Someone mentioned “I believe most cast in place pieces now days are
done using induction casting.” This may be true due to the fact that
the large companies only have induction…, However , to assume that
induction is far more accurate is not neccessarily correct. When an
Induction machine that will melt your metal in 3 minutes melts, it’s
putting out some serious horse power to do so and as a result, on the
first pass, these machines tend to overshoot the melting temperature
by quite a bit, then, after a minute or 2 they stabilize ( more or
less) .This is why these machines work best using fresh gold and why
they are always sending metal out to refiners …They don’t get the
reuseability that torch casting offers if done right.We have never
sent gold or silver out for refining ! I’ m sure to catch some flack
from the companies that sell induction machines !

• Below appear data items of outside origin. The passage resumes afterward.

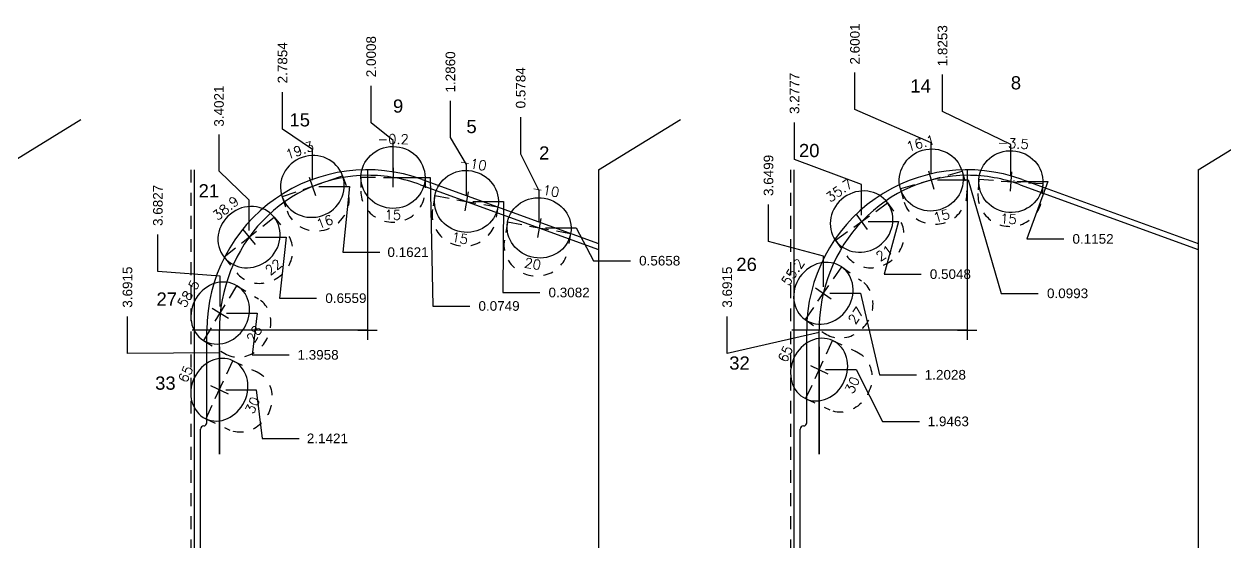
# Model space of a CAD drawing. Header units: inches. Extents: x 105.3 to 145.9, y -21.1 to -7.6.
# Drawn here: x 121.78 to 133.46, y -12.66 to -7.63 of the extents above; entities that cross this region are included whole.
import ezdxf
from ezdxf.enums import TextEntityAlignment as Align

# ---------------------------------------------------------------- set-up
doc = ezdxf.new("R2010")
doc.units = ezdxf.units.IN
doc.header["$MEASUREMENT"] = 0
doc.header["$PDMODE"] = 35
doc.linetypes.add('CENTER2', pattern=[1.125, 0.75, -0.125, 0.125, -0.125])
doc.linetypes.add('HIDDEN2', pattern=[0.1875, 0.125, -0.0625])
doc.layers.get('Defpoints').update_dxf_attribs({"color": 10})
doc.layers.add('Blade_3', color=7, linetype='Continuous', true_color=0x00cc00)
doc.layers.add('Blade_4', color=7, linetype='Continuous', true_color=0x00cccc)
for name, color, linetype in [('CLine', 5, 'CENTER2'), ('Dims', 4, 'Continuous'), ('Title Block', 7, 'Continuous')]:
    doc.layers.add(name, color=color, linetype=linetype)
doc.styles.add('RomanS', font='romans')
doc.styles.get("Standard").update_dxf_attribs({"font": 'arial.ttf'})
doc.dimstyles.get("Standard").update_dxf_attribs({"dimtxt": 0.09375, "dimasz": 0.18, "dimexe": 0.18, "dimexo": 0.0625, "dimgap": 0.09, "dimtad": 0, "dimtih": 1, "dimtoh": 1, "dimdec": 4, "dimzin": 0, "dimdsep": 46, "dimtxsty": 'Standard', "dimcen": 0.09, "dimadec": 4, "dimazin": 0, "dimtfac": 1, "dimtdec": 4, "dimtofl": 0, "dimtmove": 0, "dimatfit": 3, "dimfxl": 1, "dimtolj": 1, "dimtzin": 0, "dimarcsym": 0})

# ---------------------------------------------------------------- blocks, each defined once
blk = doc.blocks.new('*D105')
at = {"layer": 'Defpoints', "color": 0, "transparency": 16777216}
for p in [(130.722, -8.119), (133.212, -9.047), (131.386, -9.162)]:
    blk.add_point(p, dxfattribs=at)
at = {"layer": 'Dims', "color": 0, "lineweight": -2, "transparency": 16777216}
for p, q in [((130.722, -8.479), (130.722, -8.119)), ((131.386, -8.802), (130.722, -8.479)), ((131.386, -9.1), (131.386, -8.802))]:
    blk.add_line(p, q, dxfattribs=at)
at = {"layer": 'Dims', "color": 0, "transparency": 16777216, "insert": (130.722, -7.839), "char_height": 0.0938, "attachment_point": 5, "rotation": 90}
blk.add_mtext('\\A1;1.8253', dxfattribs=at)
blk = doc.blocks.new('*D106')
at = {"layer": 'Defpoints', "color": 0, "transparency": 16777216}
for p in [(129.869, -8.099), (133.212, -9.047), (130.611, -9.146)]:
    blk.add_point(p, dxfattribs=at)
at = {"layer": 'Dims', "color": 0, "lineweight": -2, "transparency": 16777216}
for p, q in [((129.869, -8.459), (129.869, -8.099)), ((130.611, -8.786), (129.869, -8.459)), ((130.611, -9.084), (130.611, -8.786))]:
    blk.add_line(p, q, dxfattribs=at)
at = {"layer": 'Dims', "color": 0, "transparency": 16777216, "insert": (129.869, -7.822), "char_height": 0.0938, "attachment_point": 5, "rotation": 90}
blk.add_mtext('\\A1;2.6001', dxfattribs=at)
blk = doc.blocks.new('*D107')
at = {"layer": 'Defpoints', "color": 0, "transparency": 16777216}
for p in [(129.281, -8.587), (133.212, -9.047), (129.934, -9.552)]:
    blk.add_point(p, dxfattribs=at)
at = {"layer": 'Dims', "color": 0, "lineweight": -2, "transparency": 16777216}
for p, q in [((129.281, -8.947), (129.281, -8.587)), ((129.934, -9.192), (129.281, -8.947)), ((129.934, -9.489), (129.934, -9.192))]:
    blk.add_line(p, q, dxfattribs=at)
at = {"layer": 'Dims', "color": 0, "transparency": 16777216, "insert": (129.281, -8.303), "char_height": 0.0938, "attachment_point": 5, "rotation": 90}
blk.add_mtext('\\A1;3.2777', dxfattribs=at)
blk = doc.blocks.new('*D108')
at = {"layer": 'Defpoints', "color": 0, "transparency": 16777216}
for p in [(133.212, -9.047), (131.386, -9.162), (131.903, -9.721)]:
    blk.add_point(p, dxfattribs=at)
at = {"layer": 'Dims', "color": 0, "lineweight": -2, "transparency": 16777216}
for p, q in [((131.449, -9.162), (131.746, -9.162)), ((131.746, -9.162), (131.543, -9.721)), ((131.543, -9.721), (131.903, -9.721))]:
    blk.add_line(p, q, dxfattribs=at)
at = {"layer": 'Dims', "color": 0, "transparency": 16777216, "insert": (132.187, -9.721), "char_height": 0.0938, "attachment_point": 5}
blk.add_mtext('\\A1;0.1152', dxfattribs=at)
blk = doc.blocks.new('*D109')
at = {"layer": 'Defpoints', "color": 0, "transparency": 16777216}
for p in [(133.212, -9.047), (130.611, -9.146), (131.654, -10.251)]:
    blk.add_point(p, dxfattribs=at)
at = {"layer": 'Dims', "color": 0, "lineweight": -2, "transparency": 16777216}
for p, q in [((130.674, -9.146), (130.971, -9.146)), ((130.971, -9.146), (131.294, -10.251)), ((131.294, -10.251), (131.654, -10.251))]:
    blk.add_line(p, q, dxfattribs=at)
at = {"layer": 'Dims', "color": 0, "transparency": 16777216, "insert": (131.939, -10.251), "char_height": 0.0938, "attachment_point": 5}
blk.add_mtext('\\A1;0.0993', dxfattribs=at)
blk = doc.blocks.new('*D110')
at = {"layer": 'Defpoints', "color": 0, "transparency": 16777216}
for p in [(133.212, -9.047), (129.934, -9.552), (130.514, -10.064)]:
    blk.add_point(p, dxfattribs=at)
at = {"layer": 'Dims', "color": 0, "lineweight": -2, "transparency": 16777216}
for p, q in [((129.996, -9.552), (130.294, -9.552)), ((130.294, -9.552), (130.154, -10.064)), ((130.154, -10.064), (130.514, -10.064))]:
    blk.add_line(p, q, dxfattribs=at)
at = {"layer": 'Dims', "color": 0, "transparency": 16777216, "insert": (130.798, -10.064), "char_height": 0.0938, "attachment_point": 5}
blk.add_mtext('\\A1;0.5048', dxfattribs=at)
blk = doc.blocks.new('*D117')
at = {"layer": 'Defpoints', "color": 0, "transparency": 16777216}
for p in [(126.615, -8.534), (127.372, -9.047), (126.794, -9.613)]:
    blk.add_point(p, dxfattribs=at)
at = {"layer": 'Dims', "color": 0, "lineweight": -2, "transparency": 16777216}
for p, q in [((126.615, -8.894), (126.615, -8.534)), ((126.794, -9.253), (126.615, -8.894)), ((126.794, -9.55), (126.794, -9.253))]:
    blk.add_line(p, q, dxfattribs=at)
at = {"layer": 'Dims', "color": 0, "transparency": 16777216, "insert": (126.615, -8.249), "char_height": 0.0938, "attachment_point": 5, "rotation": 90}
blk.add_mtext('\\A1;0.5784', dxfattribs=at)
blk = doc.blocks.new('*D118')
at = {"layer": 'Defpoints', "color": 0, "transparency": 16777216}
for p in [(125.931, -8.374), (127.372, -9.047), (126.086, -9.355)]:
    blk.add_point(p, dxfattribs=at)
at = {"layer": 'Dims', "color": 0, "lineweight": -2, "transparency": 16777216}
for p, q in [((125.931, -8.734), (125.931, -8.374)), ((126.086, -8.995), (125.931, -8.734)), ((126.086, -9.293), (126.086, -8.995))]:
    blk.add_line(p, q, dxfattribs=at)
at = {"layer": 'Dims', "color": 0, "transparency": 16777216, "insert": (125.931, -8.094), "char_height": 0.0938, "attachment_point": 5, "rotation": 90}
blk.add_mtext('\\A1;1.2860', dxfattribs=at)
blk = doc.blocks.new('*D119')
at = {"layer": 'Defpoints', "color": 0, "transparency": 16777216}
for p in [(125.159, -8.231), (127.372, -9.047), (125.372, -9.122)]:
    blk.add_point(p, dxfattribs=at)
at = {"layer": 'Dims', "color": 0, "lineweight": -2, "transparency": 16777216}
for p, q in [((125.159, -8.591), (125.159, -8.231)), ((125.372, -8.762), (125.159, -8.591)), ((125.372, -9.059), (125.372, -8.762))]:
    blk.add_line(p, q, dxfattribs=at)
at = {"layer": 'Dims', "color": 0, "transparency": 16777216, "insert": (125.159, -7.945), "char_height": 0.0938, "attachment_point": 5, "rotation": 90}
blk.add_mtext('\\A1;2.0008', dxfattribs=at)
blk = doc.blocks.new('*D120')
at = {"layer": 'Defpoints', "color": 0, "transparency": 16777216}
for p in [(124.296, -8.29), (127.372, -9.047), (124.587, -9.209)]:
    blk.add_point(p, dxfattribs=at)
at = {"layer": 'Dims', "color": 0, "lineweight": -2, "transparency": 16777216}
for p, q in [((124.296, -8.65), (124.296, -8.29)), ((124.587, -8.849), (124.296, -8.65)), ((124.587, -9.147), (124.587, -8.849))]:
    blk.add_line(p, q, dxfattribs=at)
at = {"layer": 'Dims', "color": 0, "transparency": 16777216, "insert": (124.296, -8.005), "char_height": 0.0938, "attachment_point": 5, "rotation": 90}
blk.add_mtext('\\A1;2.7854', dxfattribs=at)
blk = doc.blocks.new('*D121')
at = {"layer": 'Defpoints', "color": 0, "transparency": 16777216}
for p in [(123.678, -8.702), (127.372, -9.047), (123.97, -9.703)]:
    blk.add_point(p, dxfattribs=at)
at = {"layer": 'Dims', "color": 0, "lineweight": -2, "transparency": 16777216}
for p, q in [((123.678, -9.062), (123.678, -8.702)), ((123.97, -9.343), (123.678, -9.062)), ((123.97, -9.64), (123.97, -9.343))]:
    blk.add_line(p, q, dxfattribs=at)
at = {"layer": 'Dims', "color": 0, "transparency": 16777216, "insert": (123.678, -8.427), "char_height": 0.0938, "attachment_point": 5, "rotation": 90}
blk.add_mtext('\\A1;3.4021', dxfattribs=at)
blk = doc.blocks.new('*D122')
at = {"layer": 'Defpoints', "color": 0, "transparency": 16777216}
for p in [(127.372, -9.047), (126.794, -9.613), (127.683, -9.933)]:
    blk.add_point(p, dxfattribs=at)
at = {"layer": 'Dims', "color": 0, "lineweight": -2, "transparency": 16777216}
for p, q in [((126.856, -9.613), (127.154, -9.613)), ((127.154, -9.613), (127.323, -9.933)), ((127.323, -9.933), (127.683, -9.933))]:
    blk.add_line(p, q, dxfattribs=at)
at = {"layer": 'Dims', "color": 0, "transparency": 16777216, "insert": (127.968, -9.933), "char_height": 0.0938, "attachment_point": 5}
blk.add_mtext('\\A1;0.5658', dxfattribs=at)
blk = doc.blocks.new('*D123')
at = {"layer": 'Defpoints', "color": 0, "transparency": 16777216}
for p in [(127.372, -9.047), (126.086, -9.355), (126.802, -10.243)]:
    blk.add_point(p, dxfattribs=at)
at = {"layer": 'Dims', "color": 0, "lineweight": -2, "transparency": 16777216}
for p, q in [((126.149, -9.355), (126.446, -9.355)), ((126.446, -9.355), (126.442, -10.243)), ((126.442, -10.243), (126.802, -10.243))]:
    blk.add_line(p, q, dxfattribs=at)
at = {"layer": 'Dims', "color": 0, "transparency": 16777216, "insert": (127.086, -10.243), "char_height": 0.0938, "attachment_point": 5}
blk.add_mtext('\\A1;0.3082', dxfattribs=at)
blk = doc.blocks.new('*D124')
at = {"layer": 'Defpoints', "color": 0, "transparency": 16777216}
for p in [(127.372, -9.047), (125.372, -9.122), (126.119, -10.374)]:
    blk.add_point(p, dxfattribs=at)
at = {"layer": 'Dims', "color": 0, "lineweight": -2, "transparency": 16777216}
for p, q in [((125.434, -9.122), (125.732, -9.122)), ((125.732, -9.122), (125.759, -10.374)), ((125.759, -10.374), (126.119, -10.374))]:
    blk.add_line(p, q, dxfattribs=at)
at = {"layer": 'Dims', "color": 0, "transparency": 16777216, "insert": (126.404, -10.374), "char_height": 0.0938, "attachment_point": 5}
blk.add_mtext('\\A1;0.0749', dxfattribs=at)
blk = doc.blocks.new('*D125')
at = {"layer": 'Defpoints', "color": 0, "transparency": 16777216}
for p in [(127.372, -9.047), (124.587, -9.209), (125.243, -9.85)]:
    blk.add_point(p, dxfattribs=at)
at = {"layer": 'Dims', "color": 0, "lineweight": -2, "transparency": 16777216}
for p, q in [((124.649, -9.209), (124.947, -9.209)), ((124.947, -9.209), (124.883, -9.85)), ((124.883, -9.85), (125.243, -9.85))]:
    blk.add_line(p, q, dxfattribs=at)
at = {"layer": 'Dims', "color": 0, "transparency": 16777216, "insert": (125.518, -9.85), "char_height": 0.0938, "attachment_point": 5}
blk.add_mtext('\\A1;0.1621', dxfattribs=at)
blk = doc.blocks.new('*D126')
at = {"layer": 'Defpoints', "color": 0, "transparency": 16777216}
for p in [(127.372, -9.047), (123.97, -9.703), (124.628, -10.298)]:
    blk.add_point(p, dxfattribs=at)
at = {"layer": 'Dims', "color": 0, "lineweight": -2, "transparency": 16777216}
for p, q in [((124.033, -9.703), (124.33, -9.703)), ((124.33, -9.703), (124.268, -10.298)), ((124.268, -10.298), (124.628, -10.298))]:
    blk.add_line(p, q, dxfattribs=at)
at = {"layer": 'Dims', "color": 0, "transparency": 16777216, "insert": (124.913, -10.298), "char_height": 0.0938, "attachment_point": 5}
blk.add_mtext('\\A1;0.6559', dxfattribs=at)
blk = doc.blocks.new('*D134')
at = {"layer": 'Defpoints', "color": 0, "transparency": 16777216}
for p in [(127.372, -9.047), (123.083, -9.678), (123.69, -10.443)]:
    blk.add_point(p, dxfattribs=at)
at = {"layer": 'Dims', "color": 0, "lineweight": -2, "transparency": 16777216}
for p, q in [((123.083, -10.038), (123.083, -9.678)), ((123.69, -10.083), (123.083, -10.038)), ((123.69, -10.38), (123.69, -10.083))]:
    blk.add_line(p, q, dxfattribs=at)
at = {"layer": 'Dims', "color": 0, "transparency": 16777216, "insert": (123.083, -9.394), "char_height": 0.0938, "attachment_point": 5, "rotation": 90}
blk.add_mtext('\\A1;3.6827', dxfattribs=at)
blk = doc.blocks.new('*D135')
at = {"layer": 'Defpoints', "color": 0, "transparency": 16777216}
for p in [(127.372, -9.047), (123.69, -10.443), (124.362, -10.85)]:
    blk.add_point(p, dxfattribs=at)
at = {"layer": 'Dims', "color": 0, "lineweight": -2, "transparency": 16777216}
for p, q in [((123.752, -10.443), (124.05, -10.443)), ((124.05, -10.443), (124.002, -10.85)), ((124.002, -10.85), (124.362, -10.85))]:
    blk.add_line(p, q, dxfattribs=at)
at = {"layer": 'Dims', "color": 0, "transparency": 16777216, "insert": (124.642, -10.85), "char_height": 0.0938, "attachment_point": 5}
blk.add_mtext('\\A1;1.3958', dxfattribs=at)
blk = doc.blocks.new('*D149')
at = {"layer": 'Defpoints', "color": 0, "transparency": 16777216}
for p in [(133.212, -9.047), (129.028, -9.386), (129.562, -10.25)]:
    blk.add_point(p, dxfattribs=at)
at = {"layer": 'Dims', "color": 0, "lineweight": -2, "transparency": 16777216}
for p, q in [((129.028, -9.746), (129.028, -9.386)), ((129.562, -9.89), (129.028, -9.746)), ((129.562, -10.187), (129.562, -9.89))]:
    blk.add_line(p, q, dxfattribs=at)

I believe that if you ran a pole , you would find that people who buy
raw castings from large production houses get quite a bit of porosity
in their castings( varies depending on how good they are and how much
care is taken)Most of my customers used to deal with larger casting
houses and their
major complaint was porosity .
I digress, Back to the main subject. If you want to cast a setting
into a different shank, you must be careful of
the quenching times dependant on your alloys. Copper based sterling
will be soft and maleable if quenched at the 10 minute mark after
pouring.Hard and probably brittle after 20 minutes.
Non - tranishing silver will be brittle if quenched at 10 minutes ,
but malleable at 20 minutes.
Most 14k gold alloys will be fine quenched at the 20 minute mark .
Most white gold alloys are best quenched at the 10 minute mark.
This may solve the brittleness that some people experience.